Web Scraping Amazon And Rotten Tomatoes


[Rajesh] put web scraping to good use in order to gather the information important to him. He’s published two posts about it. One scrapes Amazon daily to see if the books he wants to read have reached a certain price threshold. The other scrapes Rotten Tomatoes in order to display the audience score next to the critics score for the top renting movies.

Web scraping uses scripts to gather information programmatically from HTML rather than using an API to access data. We recently featured a conceptual tutorial on the topic, and even came across a hack that scraped all of our own posts. [Rajesh’s] technique is pretty much the same.

He’s using Python scripts with the Beautiful Soup module to parse the DOM tree for the information he’s after. In the case of the Amazon script he sets a target price for a specific book he’s after and will get an email automatically when it gets there. With Rotten Tomatoes he sometimes likes to see the audience score when considering a movie, but you can’t get it on the list at the website; you have to click through to each movie. His script keeps a database so that it doesn’t continually scrape the same information. The collected numbers are displayed alongside the critics scores as seen above.

29 thoughts on “Web Scraping Amazon And Rotten Tomatoes

  1. Considering Amazon has known to drop or inflate price based on browser and location, he should modify his script to pass various agent strings and also check the same through a few proxies.
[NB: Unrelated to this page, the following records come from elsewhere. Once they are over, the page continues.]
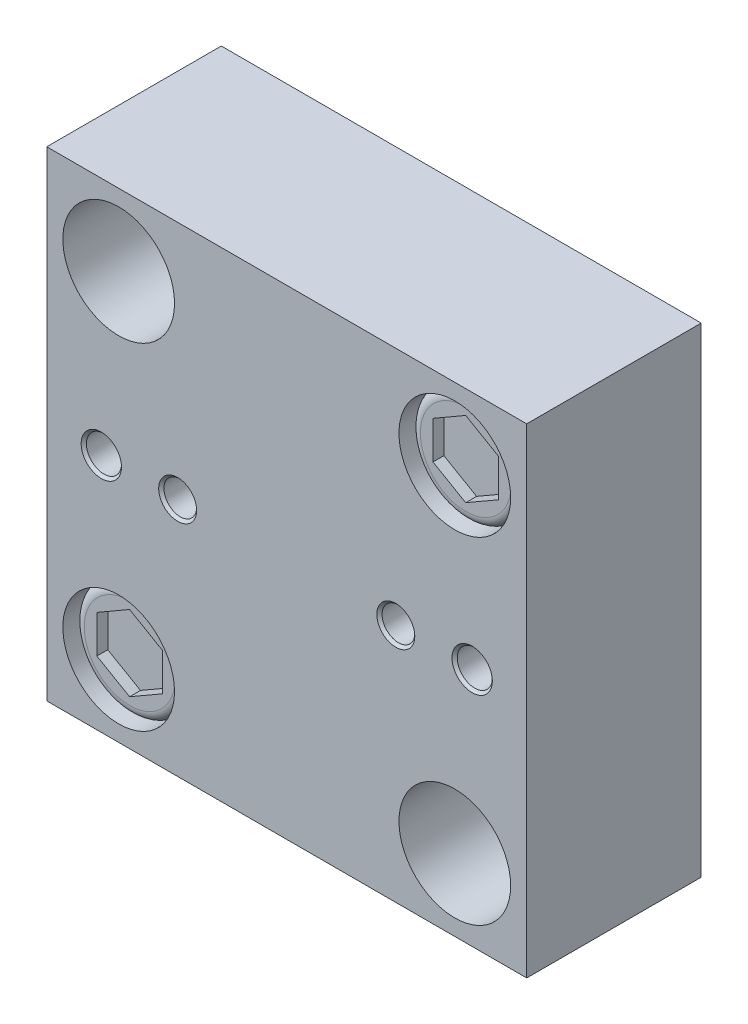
ISO-10303-21;
HEADER;
FILE_DESCRIPTION(('STEP AP214'),'2;1');
FILE_NAME('part.step','',(''),(''),'','','');
FILE_SCHEMA(('AUTOMOTIVE_DESIGN { 1 0 10303 214 1 1 1 1 }'));
ENDSEC;
DATA;
#1=APPLICATION_CONTEXT('core data for automotive mechanical design processes');
#2=APPLICATION_PROTOCOL_DEFINITION('international standard','automotive_design',2000,#1);
#3=PRODUCT_CONTEXT('',#1,'mechanical');
#4=PRODUCT('Part','Part','',(#3));
#5=PRODUCT_RELATED_PRODUCT_CATEGORY('part','',(#4));
#6=PRODUCT_DEFINITION_FORMATION('','',#4);
#7=PRODUCT_DEFINITION_CONTEXT('part definition',#1,'design');
#8=PRODUCT_DEFINITION('design','',#6,#7);
#9=PRODUCT_DEFINITION_SHAPE('','',#8);
#10=(LENGTH_UNIT() NAMED_UNIT(*) SI_UNIT(.MILLI.,.METRE.));
#11=(NAMED_UNIT(*) PLANE_ANGLE_UNIT() SI_UNIT($,.RADIAN.));
#12=(NAMED_UNIT(*) SI_UNIT($,.STERADIAN.) SOLID_ANGLE_UNIT());
#13=UNCERTAINTY_MEASURE_WITH_UNIT(LENGTH_MEASURE(1.E-05),#10,'distance_accuracy_value','');
#14=(GEOMETRIC_REPRESENTATION_CONTEXT(3) GLOBAL_UNCERTAINTY_ASSIGNED_CONTEXT((#13)) GLOBAL_UNIT_ASSIGNED_CONTEXT((#10,
#11,#12)) REPRESENTATION_CONTEXT('',''));
#15=CARTESIAN_POINT('',(0.,0.,0.));
#16=DIRECTION('',(0.,0.,1.));
#17=DIRECTION('',(1.,0.,0.));
#18=AXIS2_PLACEMENT_3D('',#15,#16,#17);
#19=CARTESIAN_POINT('',(-34.925,-34.925,23.8125));
#20=DIRECTION('',(0.,0.,1.));
#21=DIRECTION('',(1.,0.,0.));
#22=AXIS2_PLACEMENT_3D('',#19,#20,#21);
#23=PLANE('',#22);
#24=DIRECTION('',(-0.866025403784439,0.5,0.));
#25=VECTOR('',#24,1.);
#26=CARTESIAN_POINT('',(-19.6977,-21.7105693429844,23.8125));
#27=LINE('',#26,#25);
#28=CARTESIAN_POINT('',(-19.6977,-21.7105693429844,23.8125));
#29=VERTEX_POINT('',#28);
#30=CARTESIAN_POINT('',(-24.4602,-18.9609386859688,23.8125));
#31=VERTEX_POINT('',#30);
#32=EDGE_CURVE('E61',#29,#31,#27,.T.);
#33=ORIENTED_EDGE('',*,*,#32,.F.);
#34=DIRECTION('',(0.,1.,0.));
#35=VECTOR('',#34,1.);
#36=CARTESIAN_POINT('',(-19.6977,-27.2098306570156,23.8125));
#37=LINE('',#36,#35);
#38=CARTESIAN_POINT('',(-19.6977,-27.2098306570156,23.8125));
#39=VERTEX_POINT('',#38);
#40=EDGE_CURVE('E144',#39,#29,#37,.T.);
#41=ORIENTED_EDGE('',*,*,#40,.F.);
#42=DIRECTION('',(0.866025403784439,0.5,0.));
#43=VECTOR('',#42,1.);
#44=CARTESIAN_POINT('',(-24.4602,-29.9594613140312,23.8125));
#45=LINE('',#44,#43);
#46=CARTESIAN_POINT('',(-24.4602,-29.9594613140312,23.8125));
#47=VERTEX_POINT('',#46);
#48=EDGE_CURVE('E142',#47,#39,#45,.T.);
#49=ORIENTED_EDGE('',*,*,#48,.F.);
#50=DIRECTION('',(0.866025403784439,-0.499999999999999,0.));
#51=VECTOR('',#50,1.);
#52=CARTESIAN_POINT('',(-29.2227,-27.2098306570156,23.8125));
#53=LINE('',#52,#51);
#54=CARTESIAN_POINT('',(-29.2227,-27.2098306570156,23.8125));
#55=VERTEX_POINT('',#54);
#56=EDGE_CURVE('E109',#55,#47,#53,.T.);
#57=ORIENTED_EDGE('',*,*,#56,.F.);
#58=DIRECTION('',(0.,-1.,0.));
#59=VECTOR('',#58,1.);
#60=CARTESIAN_POINT('',(-29.2227,-21.7105693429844,23.8125));
#61=LINE('',#60,#59);
#62=CARTESIAN_POINT('',(-29.2227,-21.7105693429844,23.8125));
#63=VERTEX_POINT('',#62);
#64=EDGE_CURVE('E138',#63,#55,#61,.T.);
#65=ORIENTED_EDGE('',*,*,#64,.F.);
#66=DIRECTION('',(-0.866025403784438,-0.5,0.));
#67=VECTOR('',#66,1.);
#68=CARTESIAN_POINT('',(-24.4602,-18.9609386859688,23.8125));
#69=LINE('',#68,#67);
#70=EDGE_CURVE('E135',#31,#63,#69,.T.);
#71=ORIENTED_EDGE('',*,*,#70,.F.);
#72=EDGE_LOOP('',(#33,#41,#49,#57,#65,#71));
#73=FACE_BOUND('',#72,.T.);
#74=CARTESIAN_POINT('',(-24.4602,-24.4602,23.8125));
#75=DIRECTION('',(0.,0.,1.));
#76=DIRECTION('',(1.,0.,0.));
#77=AXIS2_PLACEMENT_3D('',#74,#75,#76);
#78=CIRCLE('',#77,6.60399999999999);
#79=CARTESIAN_POINT('',(-17.8562,-24.4602,23.8125));
#80=VERTEX_POINT('',#79);
#81=EDGE_CURVE('E12',#80,#80,#78,.T.);
#82=ORIENTED_EDGE('',*,*,#81,.T.);
#83=EDGE_LOOP('',(#82));
#84=FACE_BOUND('',#83,.T.);
#85=ADVANCED_FACE('F46',(#73,#84),#23,.T.);
#86=CARTESIAN_POINT('',(-24.4602,-24.4602,0.));
#87=DIRECTION('',(0.,0.,-1.));
#88=DIRECTION('',(-1.,0.,0.));
#89=AXIS2_PLACEMENT_3D('',#86,#87,#88);
#90=PLANE('',#89);
#91=CARTESIAN_POINT('',(-24.4602,-24.4602,0.));
#92=DIRECTION('',(0.,0.,-1.));
#93=DIRECTION('',(-1.,0.,0.));
#94=AXIS2_PLACEMENT_3D('',#91,#92,#93);
#95=CIRCLE('',#94,8.12799999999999);
#96=CARTESIAN_POINT('',(-32.5882,-24.4602,0.));
#97=VERTEX_POINT('',#96);
#98=EDGE_CURVE('E148',#97,#97,#95,.T.);
#99=ORIENTED_EDGE('',*,*,#98,.T.);
#100=EDGE_LOOP('',(#99));
#101=FACE_BOUND('',#100,.T.);
#102=ADVANCED_FACE('F170',(#101),#90,.T.);
#103=CARTESIAN_POINT('',(-24.4602,-24.4602,48.389455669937));
#104=DIRECTION('',(0.,0.,-1.));
#105=DIRECTION('',(-1.,0.,0.));
#106=AXIS2_PLACEMENT_3D('',#103,#104,#105);
#107=CYLINDRICAL_SURFACE('',#106,8.12799999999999);
#108=CARTESIAN_POINT('',(-24.4602,-24.4602,22.2885));
#109=DIRECTION('',(0.,0.,1.));
#110=DIRECTION('',(1.,0.,0.));
#111=AXIS2_PLACEMENT_3D('',#108,#109,#110);
#112=CIRCLE('',#111,8.12799999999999);
#113=CARTESIAN_POINT('',(-16.3322,-24.4602,22.2885));
#114=VERTEX_POINT('',#113);
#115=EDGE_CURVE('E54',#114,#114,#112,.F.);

You never know what deals could be had.

  2. 1) We took down his site.

    2) I can’t seem to get the code to run in Ubuntu Server 12.04. I get this error:

    Traceback (most recent call last):
    File “amazon.py”, line 54, in
    con = title.contents
    AttributeError: ‘NoneType’ object has no attribute ‘contents’

    Beautifulsoup is not returning any results on either query. I checked the data being passed, and it is indeed in there. Any advice?

  3. Hooray for scraping! (Big fan here)

    Careful – while the laws are grey, some businesses hate when people scrape their data…they tend to try to enforce “using an approved web browser” on their sites, although it’s difficult and expensive for them to actually pursue litigation.

    And uh, mind those applications that hammer sites with multiple, simultaneous requests for data…they REALLY hate that one since it’s similar to a DoS attack. ;oP

  4. I’ve been using scraping for heaps of things. I wrote a price tracker for a local computer store in Australia (MSY), I made an XBMC addon that displays sports scores while watching TV, I also wrote an IMDB scraper for XBMC ratings.

    The possibilities are endless… but like previously mentioned, be careful not to hammer the site in question!

  5. …thinks of how many times he’s done this as a freelancer for ebay and amazon with and without APIs…

    Google are the only ones you have to use proxies with, you use to be able to use their toolbar query with timeouts…

  6. Looks like it is from http://www.amazon.com/The-Elegant-Universe-Superstrings-Dimensions/dp/0375708111/ . It is not in stock at Amazon, so it does not have a price available to parse. Try the Kindle edition http://www.amazon.com/The-Elegant-Universe-Superstrings-ebook/dp/B001P7GGRS/ . Also, I take all the referral information from the end of the link (was “ref=tmm_kin_title_0″). I don’t know if it makes a difference, but I like to work with the most direct link.

  7. I’d love to do an app for this on Ebay…I looked at their API awhile ago but it seemed really annoying to use. I just wanted to type in a search and immediately pop up the average price of completed listings over the past week. Anyone point me to a good place to learn how to do this?

    1. Their query restrictions and query types make that only possible with a caching mechanism…

      I actually wrote a PHP+curl daemon scraper using their API once, not sure if the company still uses it.